United in Dislike (The Glass House 1/6/05)

The rest of Europe hates the French according to a Daily Telegraph article that doesn’t seem to be online.

A European survey has found that everyone dislikes the French. The British view them as chauvinistic and humourless, the Germans see them as pretentious and frivolous, the Spanish damn them as vain and rude, and the French think of them as intelligent and gorgeous.

A European survey has found the French chauvinistic, humourless, pretentious, frivolous, vain and rude. But really, it’s just that they eat snails. I mean, that’s so gross.

French response to the survey is unknown, as they refused to answer in English.

The survey found that while everyone else hated the French the most, the French hated everyone else equally.

In response, a French spokesman said (French accent) “You can all get fucked.”

Americans dislike the French so much that they’ve just started calling them “the Freedom”…

They are seen as rude, smelly, humourless and obsessed by food and sex. “It is just not true!” said one Frenchman while having sex with a loaf of garlic bread. “Now fuck off.”

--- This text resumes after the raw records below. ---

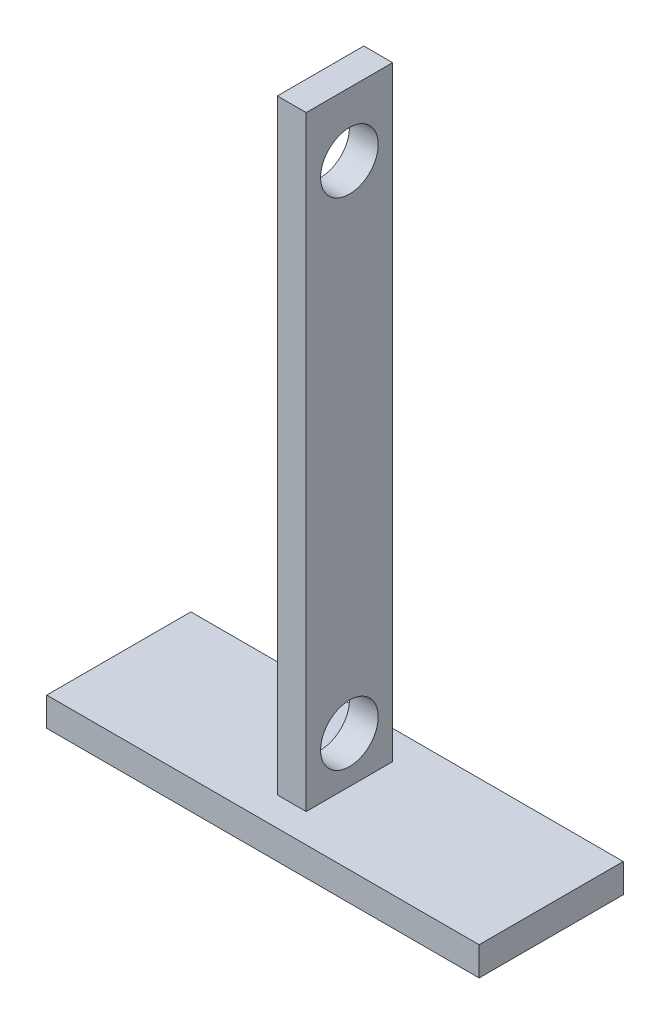
from build123d import *

# Parameters (mm, degrees)
SKETCH1_W           = 75
SKETCH1_H           = 25
BOSS_EXTRUDE1_DEPTH = 5
SKETCH2_W           = 5
SKETCH2_H           = 15
BOSS_EXTRUDE3_DEPTH = 105
SKETCH3_R           = 5
CUT_EXTRUDE1_DEPTH  = 41
SKETCH4_R           = 5
CUT_EXTRUDE2_DEPTH  = 41


with BuildPart() as part:
    # Sketch1 → Boss-Extrude1 (new body)
    with BuildSketch(Plane(origin=(0, 0, 0), x_dir=(1, 0, 0), z_dir=(0, 1, 0))):
        with Locations((84.381711682, 3.75)):
            Rectangle(SKETCH1_W, SKETCH1_H)
    extrude(amount=BOSS_EXTRUDE1_DEPTH)

    # Sketch2 → Boss-Extrude3 (add)
    with BuildSketch(Plane(origin=(0, 5, 0), x_dir=(1, 0, 0), z_dir=(0, 1, 0))):
        with Locations((84.381711682, 3.75)):
            Rectangle(SKETCH2_W, SKETCH2_H)
    extrude(amount=BOSS_EXTRUDE3_DEPTH)

    # Sketch3 → Cut-Extrude1 (cut, through all)
    with BuildSketch(Plane.ZY.offset(-81.881711682)):
        with Locations((-3.75, 13)):
            Circle(SKETCH3_R)
    extrude(amount=-CUT_EXTRUDE1_DEPTH, mode=Mode.SUBTRACT)

    # Sketch4 → Cut-Extrude2 (cut, through all)
    with BuildSketch(Plane.ZY.offset(-81.881711682)):
        with Locations((-3.75, 99)):
            Circle(SKETCH4_R)
    extrude(amount=-CUT_EXTRUDE2_DEPTH, mode=Mode.SUBTRACT)


solid = part.part

They’re obsessed by food and sex. But if they call snails and frogs “food”, I’d hate to see what they’re up to in the bedroom…

The French have struck back, pointing out all the good things they have given us: “What about eating frogs, nuclear testing in the Pacific, mime, Cirque de Soleil… OK, you win.”

Britons surveyed said that they thought the French lacked a sense of humour – but it turned out they were talking about Dawn French.

Members of the Coalition of the Willing are said to dislike the French due to their complete lack of casualties…

I agree, the French are humourless. (awkward pause) Yep. (awkward pause) Sure are.

One group who like the French was the Iraqis – not only appreciating their innovative fashions and their fine foods, but their lack of murdering Iraqi children…

It’s no wonder the French are thought of as smelly – I mean, the most popular French celebrity is Pepe Le Peu…

As a result, the EU is no more; now Europe is split into just France, and the French-Haters’ League.

France had plans to send a delegation of famous loveable Frenchmen around the world to counter the accusations, but all they could come up with was Marceau, Cousteau, Clouseau and the Yoplait guy.